陈正盯着后视镜看了好几秒,然后把目光移回前方。
……
太阳已经落到地平线以下,只在天边留下一抹暗红色的光,像一条快要熄灭的火线。
路灯还没亮,街道两边的店铺大部分都关了,卷帘门拉到了底,上面喷着乱七八糟的标语。
陈正把车窗摇下来一点,让外面的空气进来。
“到了贝卡谷地之后,找个掮客。”
“掮客?”哈立德看了他一眼,“做什么的?”
陈正从口袋里掏出烟,叼了一根在嘴上,“我在缅甸有几个人,要过来。需要做几本假护照,从迪拜入境黎巴嫩。”
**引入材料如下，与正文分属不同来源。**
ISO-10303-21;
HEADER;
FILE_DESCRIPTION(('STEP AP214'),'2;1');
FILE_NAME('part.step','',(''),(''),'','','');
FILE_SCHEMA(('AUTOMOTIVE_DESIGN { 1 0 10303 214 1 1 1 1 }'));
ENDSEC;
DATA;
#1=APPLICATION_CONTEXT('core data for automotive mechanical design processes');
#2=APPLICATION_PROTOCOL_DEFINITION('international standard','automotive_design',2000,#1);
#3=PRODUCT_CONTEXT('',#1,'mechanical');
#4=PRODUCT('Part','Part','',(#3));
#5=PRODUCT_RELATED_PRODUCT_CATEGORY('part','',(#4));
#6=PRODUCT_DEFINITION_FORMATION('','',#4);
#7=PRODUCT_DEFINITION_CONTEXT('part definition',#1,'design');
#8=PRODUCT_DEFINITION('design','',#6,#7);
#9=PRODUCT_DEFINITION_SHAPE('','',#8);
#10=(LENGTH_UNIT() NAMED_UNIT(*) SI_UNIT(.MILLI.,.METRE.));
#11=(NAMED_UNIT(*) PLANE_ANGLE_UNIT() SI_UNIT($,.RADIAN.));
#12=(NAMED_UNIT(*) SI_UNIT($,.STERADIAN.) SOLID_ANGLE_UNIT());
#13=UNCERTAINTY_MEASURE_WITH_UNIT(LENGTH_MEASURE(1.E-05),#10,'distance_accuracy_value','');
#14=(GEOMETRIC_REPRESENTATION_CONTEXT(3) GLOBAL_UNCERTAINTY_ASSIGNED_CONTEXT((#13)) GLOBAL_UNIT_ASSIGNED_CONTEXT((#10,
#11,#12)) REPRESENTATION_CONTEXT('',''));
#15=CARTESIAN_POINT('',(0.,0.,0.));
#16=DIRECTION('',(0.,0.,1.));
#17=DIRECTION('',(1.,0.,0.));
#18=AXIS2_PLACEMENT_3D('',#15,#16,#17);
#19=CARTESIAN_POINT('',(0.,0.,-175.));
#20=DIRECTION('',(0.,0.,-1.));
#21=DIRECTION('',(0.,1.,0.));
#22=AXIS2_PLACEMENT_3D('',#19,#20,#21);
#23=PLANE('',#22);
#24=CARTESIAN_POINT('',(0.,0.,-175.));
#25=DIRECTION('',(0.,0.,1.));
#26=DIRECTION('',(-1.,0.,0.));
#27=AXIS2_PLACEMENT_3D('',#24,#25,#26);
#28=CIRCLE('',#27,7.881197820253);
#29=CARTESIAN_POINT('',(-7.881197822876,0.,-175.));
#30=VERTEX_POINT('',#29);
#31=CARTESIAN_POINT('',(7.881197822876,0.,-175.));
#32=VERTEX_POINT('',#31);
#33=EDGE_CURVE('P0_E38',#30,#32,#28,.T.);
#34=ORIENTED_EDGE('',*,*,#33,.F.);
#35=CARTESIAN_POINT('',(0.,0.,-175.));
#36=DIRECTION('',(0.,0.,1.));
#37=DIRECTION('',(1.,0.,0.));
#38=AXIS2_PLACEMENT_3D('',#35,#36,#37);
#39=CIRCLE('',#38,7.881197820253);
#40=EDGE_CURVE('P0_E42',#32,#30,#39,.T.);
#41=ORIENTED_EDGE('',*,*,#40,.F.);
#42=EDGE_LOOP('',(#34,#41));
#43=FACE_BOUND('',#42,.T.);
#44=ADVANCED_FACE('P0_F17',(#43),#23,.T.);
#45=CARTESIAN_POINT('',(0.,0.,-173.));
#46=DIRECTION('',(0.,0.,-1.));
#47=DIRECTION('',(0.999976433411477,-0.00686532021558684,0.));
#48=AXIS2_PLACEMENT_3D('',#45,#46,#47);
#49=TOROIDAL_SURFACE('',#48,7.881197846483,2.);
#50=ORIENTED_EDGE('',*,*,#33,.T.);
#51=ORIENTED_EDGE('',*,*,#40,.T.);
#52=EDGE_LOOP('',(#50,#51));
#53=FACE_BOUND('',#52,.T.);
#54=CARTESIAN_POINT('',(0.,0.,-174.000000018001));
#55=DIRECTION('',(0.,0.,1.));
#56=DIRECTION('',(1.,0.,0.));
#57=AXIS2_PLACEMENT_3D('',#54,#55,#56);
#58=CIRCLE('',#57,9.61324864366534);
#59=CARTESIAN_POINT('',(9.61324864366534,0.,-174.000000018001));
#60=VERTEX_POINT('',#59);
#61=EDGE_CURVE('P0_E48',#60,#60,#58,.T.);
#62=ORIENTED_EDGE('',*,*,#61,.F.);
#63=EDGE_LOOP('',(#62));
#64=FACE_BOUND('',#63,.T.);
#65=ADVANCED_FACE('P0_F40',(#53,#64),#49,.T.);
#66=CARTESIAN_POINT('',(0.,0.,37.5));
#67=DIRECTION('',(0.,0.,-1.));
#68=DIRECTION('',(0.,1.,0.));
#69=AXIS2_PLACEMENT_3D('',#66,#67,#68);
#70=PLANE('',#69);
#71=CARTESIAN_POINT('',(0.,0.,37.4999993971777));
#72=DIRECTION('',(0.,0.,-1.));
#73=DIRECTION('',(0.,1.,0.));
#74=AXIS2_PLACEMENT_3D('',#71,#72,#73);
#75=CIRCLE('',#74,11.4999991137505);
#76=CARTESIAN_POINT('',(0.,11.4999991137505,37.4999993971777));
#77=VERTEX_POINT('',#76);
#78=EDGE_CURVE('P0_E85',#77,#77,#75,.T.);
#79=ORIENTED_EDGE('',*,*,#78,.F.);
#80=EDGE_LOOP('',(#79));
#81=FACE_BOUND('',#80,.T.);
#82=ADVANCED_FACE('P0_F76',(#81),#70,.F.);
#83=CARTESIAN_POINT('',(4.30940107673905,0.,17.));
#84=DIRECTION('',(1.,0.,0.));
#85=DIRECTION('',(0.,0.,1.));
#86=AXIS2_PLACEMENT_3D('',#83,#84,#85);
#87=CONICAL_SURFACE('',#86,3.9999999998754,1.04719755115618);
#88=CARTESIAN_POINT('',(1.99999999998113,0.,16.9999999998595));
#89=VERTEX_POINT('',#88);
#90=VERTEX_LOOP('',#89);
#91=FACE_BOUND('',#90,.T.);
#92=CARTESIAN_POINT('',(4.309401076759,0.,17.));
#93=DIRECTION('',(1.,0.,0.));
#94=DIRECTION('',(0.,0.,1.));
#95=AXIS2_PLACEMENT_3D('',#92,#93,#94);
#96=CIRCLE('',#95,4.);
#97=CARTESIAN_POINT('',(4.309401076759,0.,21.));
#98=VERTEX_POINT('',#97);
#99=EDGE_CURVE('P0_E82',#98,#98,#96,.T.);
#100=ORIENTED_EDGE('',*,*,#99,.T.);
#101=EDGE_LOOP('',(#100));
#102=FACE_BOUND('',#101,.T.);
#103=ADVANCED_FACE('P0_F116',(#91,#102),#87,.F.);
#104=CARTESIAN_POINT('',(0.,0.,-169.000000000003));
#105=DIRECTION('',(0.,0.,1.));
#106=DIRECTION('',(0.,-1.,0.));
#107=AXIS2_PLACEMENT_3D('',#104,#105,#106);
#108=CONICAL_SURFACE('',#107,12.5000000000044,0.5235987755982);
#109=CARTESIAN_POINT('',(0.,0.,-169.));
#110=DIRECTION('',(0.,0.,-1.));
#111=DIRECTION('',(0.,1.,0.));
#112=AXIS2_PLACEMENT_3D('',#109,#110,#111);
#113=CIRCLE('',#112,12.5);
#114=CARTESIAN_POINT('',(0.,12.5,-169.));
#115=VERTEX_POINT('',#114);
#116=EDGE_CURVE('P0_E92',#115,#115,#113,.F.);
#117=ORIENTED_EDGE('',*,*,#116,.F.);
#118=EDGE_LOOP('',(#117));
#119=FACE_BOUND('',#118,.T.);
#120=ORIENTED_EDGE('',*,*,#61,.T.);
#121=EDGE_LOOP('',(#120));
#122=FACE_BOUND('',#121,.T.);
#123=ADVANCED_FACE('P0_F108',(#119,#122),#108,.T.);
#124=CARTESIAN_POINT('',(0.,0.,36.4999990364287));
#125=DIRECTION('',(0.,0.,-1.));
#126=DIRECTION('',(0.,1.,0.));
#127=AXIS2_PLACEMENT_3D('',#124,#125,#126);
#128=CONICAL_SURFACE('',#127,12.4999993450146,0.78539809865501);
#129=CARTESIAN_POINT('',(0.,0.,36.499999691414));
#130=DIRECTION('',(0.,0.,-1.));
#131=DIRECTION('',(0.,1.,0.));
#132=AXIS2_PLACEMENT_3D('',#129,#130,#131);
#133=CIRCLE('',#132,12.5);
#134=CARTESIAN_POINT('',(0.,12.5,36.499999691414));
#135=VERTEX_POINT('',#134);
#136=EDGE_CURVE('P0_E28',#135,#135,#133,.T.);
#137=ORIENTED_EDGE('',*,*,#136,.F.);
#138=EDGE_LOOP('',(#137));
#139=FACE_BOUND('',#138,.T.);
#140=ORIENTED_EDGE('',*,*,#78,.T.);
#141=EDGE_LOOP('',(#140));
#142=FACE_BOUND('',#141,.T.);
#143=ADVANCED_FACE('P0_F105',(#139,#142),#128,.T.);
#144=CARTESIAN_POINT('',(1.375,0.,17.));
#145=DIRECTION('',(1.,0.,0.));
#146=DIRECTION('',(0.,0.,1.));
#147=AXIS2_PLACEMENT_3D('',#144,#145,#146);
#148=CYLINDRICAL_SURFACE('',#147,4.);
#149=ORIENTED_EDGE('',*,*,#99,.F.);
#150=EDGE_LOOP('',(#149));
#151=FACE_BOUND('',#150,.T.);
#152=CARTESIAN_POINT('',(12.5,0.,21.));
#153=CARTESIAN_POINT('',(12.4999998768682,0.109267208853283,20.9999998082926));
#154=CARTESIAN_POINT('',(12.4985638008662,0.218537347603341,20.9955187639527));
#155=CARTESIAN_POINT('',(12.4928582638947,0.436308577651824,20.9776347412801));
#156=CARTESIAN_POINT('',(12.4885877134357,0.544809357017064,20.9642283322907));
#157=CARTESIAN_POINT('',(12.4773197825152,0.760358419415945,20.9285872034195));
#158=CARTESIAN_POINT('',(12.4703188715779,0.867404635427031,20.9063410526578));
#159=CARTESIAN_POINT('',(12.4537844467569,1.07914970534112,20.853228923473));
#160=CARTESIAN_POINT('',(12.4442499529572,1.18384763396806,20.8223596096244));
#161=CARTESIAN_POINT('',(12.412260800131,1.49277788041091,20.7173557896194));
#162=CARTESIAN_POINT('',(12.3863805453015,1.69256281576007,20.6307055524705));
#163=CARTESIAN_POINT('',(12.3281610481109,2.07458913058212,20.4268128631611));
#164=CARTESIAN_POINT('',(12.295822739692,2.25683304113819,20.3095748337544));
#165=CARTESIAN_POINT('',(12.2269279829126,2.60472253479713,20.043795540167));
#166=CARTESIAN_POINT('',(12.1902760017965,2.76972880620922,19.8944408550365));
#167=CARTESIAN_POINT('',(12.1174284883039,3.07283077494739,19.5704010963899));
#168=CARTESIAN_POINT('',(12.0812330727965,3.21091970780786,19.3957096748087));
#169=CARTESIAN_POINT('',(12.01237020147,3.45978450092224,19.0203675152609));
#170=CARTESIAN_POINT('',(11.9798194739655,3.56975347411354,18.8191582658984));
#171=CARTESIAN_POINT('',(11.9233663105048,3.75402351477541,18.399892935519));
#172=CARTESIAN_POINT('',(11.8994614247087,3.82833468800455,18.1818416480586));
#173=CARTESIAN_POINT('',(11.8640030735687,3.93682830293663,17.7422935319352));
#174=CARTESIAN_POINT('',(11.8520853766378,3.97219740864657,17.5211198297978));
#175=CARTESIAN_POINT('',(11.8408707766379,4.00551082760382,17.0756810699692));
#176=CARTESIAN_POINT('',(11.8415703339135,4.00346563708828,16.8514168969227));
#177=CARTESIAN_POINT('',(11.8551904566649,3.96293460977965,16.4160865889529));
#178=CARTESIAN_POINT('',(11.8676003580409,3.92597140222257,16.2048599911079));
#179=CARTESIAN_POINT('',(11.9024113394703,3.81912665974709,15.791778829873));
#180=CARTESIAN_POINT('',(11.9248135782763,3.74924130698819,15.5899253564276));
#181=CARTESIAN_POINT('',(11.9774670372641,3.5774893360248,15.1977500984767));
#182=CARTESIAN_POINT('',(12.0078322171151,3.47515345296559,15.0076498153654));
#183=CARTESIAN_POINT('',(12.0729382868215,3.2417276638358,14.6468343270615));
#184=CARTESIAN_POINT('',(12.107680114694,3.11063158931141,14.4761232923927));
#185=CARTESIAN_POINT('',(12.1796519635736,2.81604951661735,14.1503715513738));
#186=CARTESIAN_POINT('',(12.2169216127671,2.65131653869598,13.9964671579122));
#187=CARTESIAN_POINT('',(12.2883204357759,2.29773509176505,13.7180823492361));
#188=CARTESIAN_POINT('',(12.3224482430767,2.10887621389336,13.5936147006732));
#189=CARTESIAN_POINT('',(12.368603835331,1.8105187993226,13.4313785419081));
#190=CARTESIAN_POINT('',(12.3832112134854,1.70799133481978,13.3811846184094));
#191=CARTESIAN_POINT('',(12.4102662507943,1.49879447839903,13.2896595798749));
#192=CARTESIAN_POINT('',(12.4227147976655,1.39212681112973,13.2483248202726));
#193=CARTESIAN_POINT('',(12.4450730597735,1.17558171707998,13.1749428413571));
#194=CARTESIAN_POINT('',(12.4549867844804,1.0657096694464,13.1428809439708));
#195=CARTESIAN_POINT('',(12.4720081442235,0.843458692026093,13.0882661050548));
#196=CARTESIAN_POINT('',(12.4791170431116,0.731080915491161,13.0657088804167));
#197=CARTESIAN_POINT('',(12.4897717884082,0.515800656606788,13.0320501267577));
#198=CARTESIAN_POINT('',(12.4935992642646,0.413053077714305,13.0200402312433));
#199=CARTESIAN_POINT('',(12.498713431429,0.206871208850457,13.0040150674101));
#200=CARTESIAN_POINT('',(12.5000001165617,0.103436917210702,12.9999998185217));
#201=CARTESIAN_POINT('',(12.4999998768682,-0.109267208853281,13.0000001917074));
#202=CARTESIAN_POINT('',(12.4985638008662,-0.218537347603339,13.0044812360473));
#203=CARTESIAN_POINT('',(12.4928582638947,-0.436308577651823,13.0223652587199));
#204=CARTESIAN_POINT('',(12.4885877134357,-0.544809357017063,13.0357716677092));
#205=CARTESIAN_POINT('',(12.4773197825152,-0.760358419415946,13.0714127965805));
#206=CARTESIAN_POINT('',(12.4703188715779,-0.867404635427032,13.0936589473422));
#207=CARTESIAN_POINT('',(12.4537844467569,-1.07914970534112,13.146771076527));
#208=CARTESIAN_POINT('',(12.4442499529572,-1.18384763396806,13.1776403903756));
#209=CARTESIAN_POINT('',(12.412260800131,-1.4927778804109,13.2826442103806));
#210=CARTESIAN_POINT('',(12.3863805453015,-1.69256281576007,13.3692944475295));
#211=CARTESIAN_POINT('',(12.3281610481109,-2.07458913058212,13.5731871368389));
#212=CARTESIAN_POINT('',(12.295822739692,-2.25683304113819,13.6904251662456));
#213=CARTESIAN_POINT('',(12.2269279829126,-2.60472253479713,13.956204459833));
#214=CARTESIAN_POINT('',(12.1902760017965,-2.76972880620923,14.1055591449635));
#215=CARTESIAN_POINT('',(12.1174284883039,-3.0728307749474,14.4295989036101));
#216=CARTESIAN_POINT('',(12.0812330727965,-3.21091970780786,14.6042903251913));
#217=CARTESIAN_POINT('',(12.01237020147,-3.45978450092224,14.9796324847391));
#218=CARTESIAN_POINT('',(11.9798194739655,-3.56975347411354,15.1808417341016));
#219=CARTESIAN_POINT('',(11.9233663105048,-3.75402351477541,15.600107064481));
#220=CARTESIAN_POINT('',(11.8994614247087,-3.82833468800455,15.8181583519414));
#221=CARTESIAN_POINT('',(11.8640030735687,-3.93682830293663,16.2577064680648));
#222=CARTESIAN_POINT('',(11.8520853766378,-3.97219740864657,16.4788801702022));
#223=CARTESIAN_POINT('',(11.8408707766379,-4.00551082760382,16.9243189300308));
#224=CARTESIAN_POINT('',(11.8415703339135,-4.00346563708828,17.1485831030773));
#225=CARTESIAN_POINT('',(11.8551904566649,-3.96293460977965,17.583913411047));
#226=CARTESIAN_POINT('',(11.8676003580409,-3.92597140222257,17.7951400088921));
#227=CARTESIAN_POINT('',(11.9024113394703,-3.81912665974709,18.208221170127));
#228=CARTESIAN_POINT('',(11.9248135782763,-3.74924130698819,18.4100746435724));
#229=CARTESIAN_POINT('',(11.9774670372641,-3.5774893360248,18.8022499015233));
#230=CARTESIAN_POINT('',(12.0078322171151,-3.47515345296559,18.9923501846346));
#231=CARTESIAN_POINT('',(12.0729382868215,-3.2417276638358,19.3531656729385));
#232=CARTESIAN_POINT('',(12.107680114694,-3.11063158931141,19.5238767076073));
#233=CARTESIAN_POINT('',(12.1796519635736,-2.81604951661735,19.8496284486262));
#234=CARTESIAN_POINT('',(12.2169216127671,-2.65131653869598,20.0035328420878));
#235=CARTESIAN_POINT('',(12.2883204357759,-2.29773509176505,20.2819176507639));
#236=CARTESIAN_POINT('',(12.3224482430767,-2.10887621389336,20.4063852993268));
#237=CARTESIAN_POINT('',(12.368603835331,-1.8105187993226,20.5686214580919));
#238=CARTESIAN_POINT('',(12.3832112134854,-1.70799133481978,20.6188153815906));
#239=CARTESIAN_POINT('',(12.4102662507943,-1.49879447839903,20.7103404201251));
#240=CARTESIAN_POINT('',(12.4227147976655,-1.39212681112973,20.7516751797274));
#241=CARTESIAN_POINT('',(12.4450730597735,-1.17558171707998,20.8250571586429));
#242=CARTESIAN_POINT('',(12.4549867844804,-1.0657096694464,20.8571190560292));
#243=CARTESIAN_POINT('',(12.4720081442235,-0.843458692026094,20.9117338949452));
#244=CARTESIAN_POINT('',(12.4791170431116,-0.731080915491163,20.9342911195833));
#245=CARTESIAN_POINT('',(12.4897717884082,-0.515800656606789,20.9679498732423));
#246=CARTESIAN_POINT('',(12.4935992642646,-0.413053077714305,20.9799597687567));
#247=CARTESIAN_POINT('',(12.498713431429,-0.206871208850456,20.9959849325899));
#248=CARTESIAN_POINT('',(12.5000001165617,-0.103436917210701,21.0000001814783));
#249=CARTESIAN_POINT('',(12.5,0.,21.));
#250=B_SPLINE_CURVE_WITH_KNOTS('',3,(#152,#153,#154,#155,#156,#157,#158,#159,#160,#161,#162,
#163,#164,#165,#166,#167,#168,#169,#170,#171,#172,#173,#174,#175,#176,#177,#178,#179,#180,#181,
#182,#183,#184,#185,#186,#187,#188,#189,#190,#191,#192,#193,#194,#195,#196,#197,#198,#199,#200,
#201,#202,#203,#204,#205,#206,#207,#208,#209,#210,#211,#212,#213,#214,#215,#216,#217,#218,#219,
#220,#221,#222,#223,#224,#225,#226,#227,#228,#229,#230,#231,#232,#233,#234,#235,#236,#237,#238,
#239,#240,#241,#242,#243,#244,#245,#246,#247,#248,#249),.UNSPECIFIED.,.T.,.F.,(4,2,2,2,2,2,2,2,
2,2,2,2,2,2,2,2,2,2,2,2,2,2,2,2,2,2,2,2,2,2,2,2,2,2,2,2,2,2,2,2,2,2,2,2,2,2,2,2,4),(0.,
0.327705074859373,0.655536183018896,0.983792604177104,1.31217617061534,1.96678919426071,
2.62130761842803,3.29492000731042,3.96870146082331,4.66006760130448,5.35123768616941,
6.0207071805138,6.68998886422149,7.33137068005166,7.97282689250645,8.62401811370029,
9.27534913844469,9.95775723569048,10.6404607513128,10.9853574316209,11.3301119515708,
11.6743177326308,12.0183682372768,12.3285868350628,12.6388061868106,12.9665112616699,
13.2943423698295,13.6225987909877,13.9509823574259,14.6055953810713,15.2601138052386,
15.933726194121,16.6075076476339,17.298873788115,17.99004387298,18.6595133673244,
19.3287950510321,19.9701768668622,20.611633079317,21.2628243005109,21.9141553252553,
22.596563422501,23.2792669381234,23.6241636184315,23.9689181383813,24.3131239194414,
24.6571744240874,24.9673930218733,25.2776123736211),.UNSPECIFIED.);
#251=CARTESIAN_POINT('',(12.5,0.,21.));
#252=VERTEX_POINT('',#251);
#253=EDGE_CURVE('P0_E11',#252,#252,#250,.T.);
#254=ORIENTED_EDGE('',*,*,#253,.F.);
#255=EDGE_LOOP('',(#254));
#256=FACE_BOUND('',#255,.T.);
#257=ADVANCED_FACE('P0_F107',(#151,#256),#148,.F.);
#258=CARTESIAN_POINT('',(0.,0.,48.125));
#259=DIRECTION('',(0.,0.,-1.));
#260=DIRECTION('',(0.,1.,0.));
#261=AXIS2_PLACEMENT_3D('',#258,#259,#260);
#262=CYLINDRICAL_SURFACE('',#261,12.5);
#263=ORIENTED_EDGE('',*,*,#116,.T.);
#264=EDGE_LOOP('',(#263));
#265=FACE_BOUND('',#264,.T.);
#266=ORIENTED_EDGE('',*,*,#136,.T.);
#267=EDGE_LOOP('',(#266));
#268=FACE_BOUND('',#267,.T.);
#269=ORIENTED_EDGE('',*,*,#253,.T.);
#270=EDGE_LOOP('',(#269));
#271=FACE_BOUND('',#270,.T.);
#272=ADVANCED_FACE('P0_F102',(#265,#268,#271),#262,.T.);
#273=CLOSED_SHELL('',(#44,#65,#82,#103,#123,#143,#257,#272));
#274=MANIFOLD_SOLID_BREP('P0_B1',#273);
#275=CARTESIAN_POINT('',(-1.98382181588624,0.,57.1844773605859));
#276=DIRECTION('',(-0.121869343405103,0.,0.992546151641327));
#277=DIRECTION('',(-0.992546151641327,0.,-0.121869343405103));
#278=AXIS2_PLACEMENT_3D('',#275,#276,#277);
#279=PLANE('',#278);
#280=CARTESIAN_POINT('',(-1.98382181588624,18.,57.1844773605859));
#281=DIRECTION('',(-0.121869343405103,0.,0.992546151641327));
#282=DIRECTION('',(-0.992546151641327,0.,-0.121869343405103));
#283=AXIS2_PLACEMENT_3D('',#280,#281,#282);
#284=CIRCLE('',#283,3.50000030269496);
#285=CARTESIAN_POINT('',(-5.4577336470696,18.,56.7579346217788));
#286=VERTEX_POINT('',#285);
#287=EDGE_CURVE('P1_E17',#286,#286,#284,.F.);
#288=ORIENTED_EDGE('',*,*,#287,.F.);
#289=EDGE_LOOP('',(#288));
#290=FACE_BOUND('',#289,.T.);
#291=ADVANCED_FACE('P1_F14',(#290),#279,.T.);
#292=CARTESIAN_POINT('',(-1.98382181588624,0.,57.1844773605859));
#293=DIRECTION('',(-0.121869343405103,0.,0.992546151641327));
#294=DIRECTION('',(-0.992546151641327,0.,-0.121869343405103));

哈立德想了想,点了点头:“可以问问谢赫·阿卜杜拉,那老头子活得久,认识的人也多,别看他在那帮以色列人面前唯唯诺诺的,能在雅穆克河北岸活那么多年,肯定有本事的。”
陈正点了点头,把烟点上,吸了一口。
“那老头不简单。”
哈立德继续说,“我认识他快十年了,每次去见他,他都在哭穷,但他那些羊,少说也有两三百只,一只羊在黎巴嫩能卖两百美金,你算算他有多少钱?还有,他在贝卡谷地那边有亲戚,做的是跨境的买卖,具体做什么我不知道,但肯定不是正经生意。”
“在中东,都是正经生意。”陈正把烟雾吐出来。
哈立德笑了一声:“也是。”
车子继续往前开,德拉市的主路越来越窄。两边的房子越来越矮,从三四层的楼房变成了平房和铁皮棚子。
这是城郊了。
再往前开几公里,就是通往黎巴嫩的公路。
陈正靠在座椅上,把手里的烟抽完,烟头掐灭在烟灰缸里。
他正要把烟灰缸盖上,前面突然亮起一束光。
远光灯。
刺眼的白光直直地射过来,照得他眯起了眼睛。
“操——”哈立德骂了一声。
陈正眯着眼睛往前看。
那束光是从前面大约一百米的地方射过来的,两辆皮卡并排停在路中间,车灯全开,把整条路照得雪亮。
皮卡旁边站着几个人影,看不清脸,但能看见他们手里拿着枪。
有人用阿拉伯语喊了一声,声音很大,带着命令的语气:“停下!下车!”
哈立德的手放在方向盘上,他转过头看陈正,“老板,怎么办?”
陈正的眼睛眯成了一条缝。
他从座椅底下摸出了把AKM。
他又从车门饰板里摸出一个弹匣,7。62×39,压得满满的,塞进裤子口袋里。
然后他压低声音,一个字一个字地说:“不对劲就开枪,人家死了,总比我们死好!”